REVIEW: As You Like It


Rating: 4 out of 5.

East London Shakespeare Festival’s zany, family-oriented rendering of Shakespeare’s comedy brings the pep and charm, even if it sacrifices some of the play’s potential nuance.


As far as accessible and outdoorsy Early Modern comedies go, As You Like It is a pretty intuitive candidate. A split setting between town and woods allows East London Shakespeare Festival to make clever use of not only their parkland surroundings, but also the facade of Clissold House in Stoke Newington – a building whose period brickwork and Victorian austerity all but meld into the show’s own set-pieces.

The plot is straight-down-the-line Shakespearean comedy: in Arden Town, the Old Duke has been supplanted by his scheming brother, leaving his daughter Rosalind in a precarious position. Her close friendship with the New Duke’s own daughter Celia has protected her thus far, but the welcome is wearing thin. After a romance blooms between Rosalind and Orlando – the disinherited and oppressed younger brother of New Duke-sycophant Oliver – she is banished from Arden, as is Orlando. With the devoted Celia in tow, Rosalind adopts a male alter-ego named Ganymede to affect her escape into the Forest of Arden. Love is un- and re-requited; wires are crossed; disguises are donned and unveiled; and in the end all is put to rights in a giddy flurry of matrimony. As You Like It doesn’t have the elegance of structure that Shakespeare’s other gender-bending comedy Twelfth Night retains, nor the ethereal lyricism of Midsummer – but there’s always plenty of rich poetry and clever wordplay to be found.

Any company embarking upon a summery, family-friendly Shakespeare-in-the-park comes in with a very specific mandate, and quite genuinely the best thing to be said about ELSF’s As You Like It is that the team absolutely understands the brief. The edit of the text (presumably by director Rosie Ward) is brisk and judicious; intuitive and inventive design by Lucy Fowler achieves the playful vibrancy it needs to; and the cast pile-on the audience interaction, winking anachronisms and goofy ad-libs (hats-off to the immortal exit-line “Look at that, duckie! It’s an AMEX!”). These latter few are the most consistently sharply-tuned tools in ELSF’s belt, along with the dramaturgical quips they mine from the text’s modernisation: Rosalind swanning into an exclusive club while paparazzi swarm and Gaga blares is a grand introduction to their own Arden Town. It’s clear the team are having a blast with this part of the process, and that ebullience becomes the infectious engine that drives the early sections in particular. It’s bright and breezy, and the cast are adept at drawing both the kids and adults into their playful world.

The cast have energy to burn, and bless them they leave it all out on the pitch. They’re fairly-well impossible not to find endearing. Fights by Meg Matthews are just as silly and deftly-conceived as they ought to be – particularly the early wrestling match between Orlando and ‘Charles the Wrestler’, which the team delightfully render as a WWE-adjacent spectacle. The music is hit-and-miss: when the cast have a chance to perform live with their own instruments it settles beautifully, but they feel a little marooned in the larger karaoke mash-up numbers.

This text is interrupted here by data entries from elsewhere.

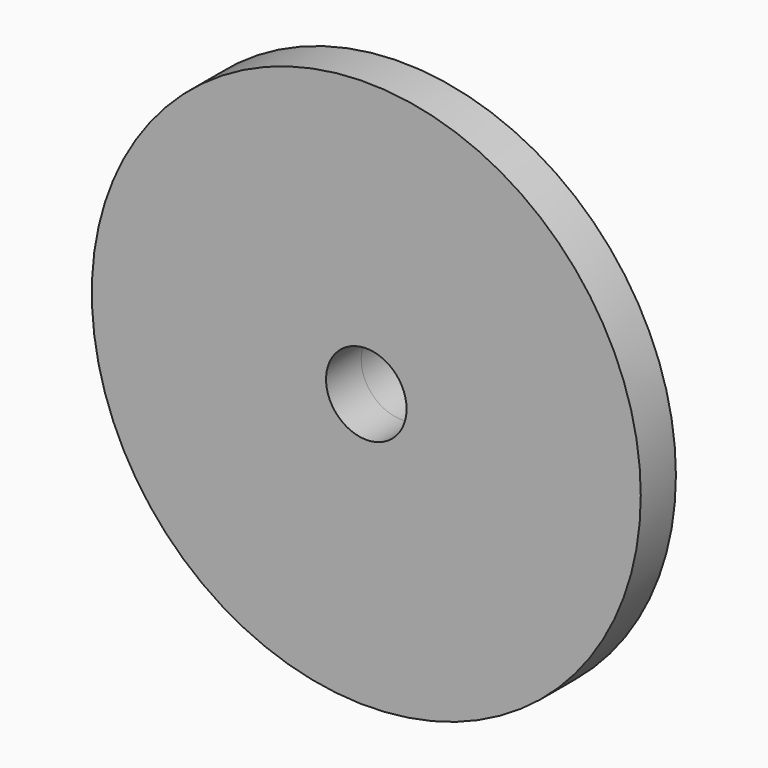
from build123d import *
from build123d import SkipClean  # not in build123d's __all__

# Parameters (mm, degrees)
F0_R     = 15
F1_DEPTH = 2.4
F2_R     = 2.2
F3_DEPTH = 2.401
F4_R     = 3
F4_R_2   = 2.2
F5_DEPTH = 5


with BuildPart() as f1:
    # F0 (on Front) → F1 (new body)
    with BuildSketch(Plane.XZ):
        Circle(F0_R)
    extrude(amount=F1_DEPTH)

    # F2 (on face) → F3 (cut, through all)
    with BuildSketch(Plane.XZ.offset(2.4)):
        Circle(F2_R)
    extrude(amount=-F3_DEPTH, mode=Mode.SUBTRACT)

    # F4 (on face) → F5 (join)
    with BuildSketch(Plane(origin=(0, 0, 0), x_dir=(-1, 0, 0), z_dir=(0, 1, 0))):
        Circle(F4_R)
        Circle(F4_R_2, mode=Mode.SUBTRACT)
        with BuildLine():
            ThreePointArc((-2, 7.2284161474), (-5.3033008589, 5.3033008589), (-7.2284161474, 2))
            Line((-7.2284161474, 2), (-6.1846584384, 2))
            ThreePointArc((-6.1846584384, 2), (-4.5961940777, 4.5961940777), (-2, 6.1846584384))
            Line((-2, 6.1846584384), (-2, 7.2284161474))
        make_face()
        with BuildLine():
            Line((-2, -7.2284161474), (-2, -6.1846584384))
            ThreePointArc((-2, -6.1846584384), (-4.5961940777, -4.5961940777), (-6.1846584384, -2))
            Line((-6.1846584384, -2), (-7.2284161474, -2))
            ThreePointArc((-7.2284161474, -2), (-5.3033008589, -5.3033008589), (-2, -7.2284161474))
        make_face()
        with BuildLine():
            Line((2, 7.2284161474), (2, 6.1846584384))
            ThreePointArc((2, 6.1846584384), (4.5961940777, 4.5961940777), (6.1846584384, 2))
            Line((6.1846584384, 2), (7.2284161474, 2))
            ThreePointArc((7.2284161474, 2), (5.3033008589, 5.3033008589), (2, 7.2284161474))
        make_face()
        with BuildLine():
            ThreePointArc((6.1846584384, -2), (4.5961940777, -4.5961940777), (2, -6.1846584384))
            Line((2, -6.1846584384), (2, -7.2284161474))
            ThreePointArc((2, -7.2284161474), (5.3033008589, -5.3033008589), (7.2284161474, -2))
            Line((7.2284161474, -2), (6.1846584384, -2))
        make_face()
    with SkipClean():  # cleaning this boolean's faces spoils the solid; the shape is the same uncleaned
        extrude(amount=F5_DEPTH)


solid = f1.part

The real hitch in the endeavour is that – with an unrelenting, comic-sans intensity as their guiding principle – ELSF risks smothering the play they’re there to perform. A lot of the time, Ward and her cast don’t seem to know when to play a moment straight – to let the text and the scenarios do some of the work for them. It’s as though they’re nervous that if they don’t swing for the fences with vaudevillian extremity when the opportunity arises, their audience might lose interest entirely. But the upshot of this is that the story and intention can get buried under whizz-bang gags and fortissimo scenery-chewing. The scene in which Rosalind (as Ganymede) and Orlando role-play his hypothetical wooing of Rosalind was a sometime-victim of this – losing a little of its sweet romanticism and the sly transgressiveness of its gender-bending; Emilia Harrild and Luke Martin absolutely have the chops to play this scene with clarity and earnestness, but they don’t quite get the chance. Melancholy Jaques’s oft-cited ‘Seven Ages of Man’ monologue definitely suffers from this malady. It’s an especially perilous ensnarement for an edit of this brevity, as later scenes and B-plots occasionally burst onto the stage and promptly vanish without appearing to make much sense at all.None of this is shooting for a revelatory take on As You Like It, but it’s not meant to! ELSF are out here to have a good time, and they’ve got the charm and energy to do it – even if they don’t always marry their pantomime vim with the depth of authentic feeling that Shakespeare’s poetry tends to offer. But if you’re looking for a picnic and a family night out, it delivers the sugary goods.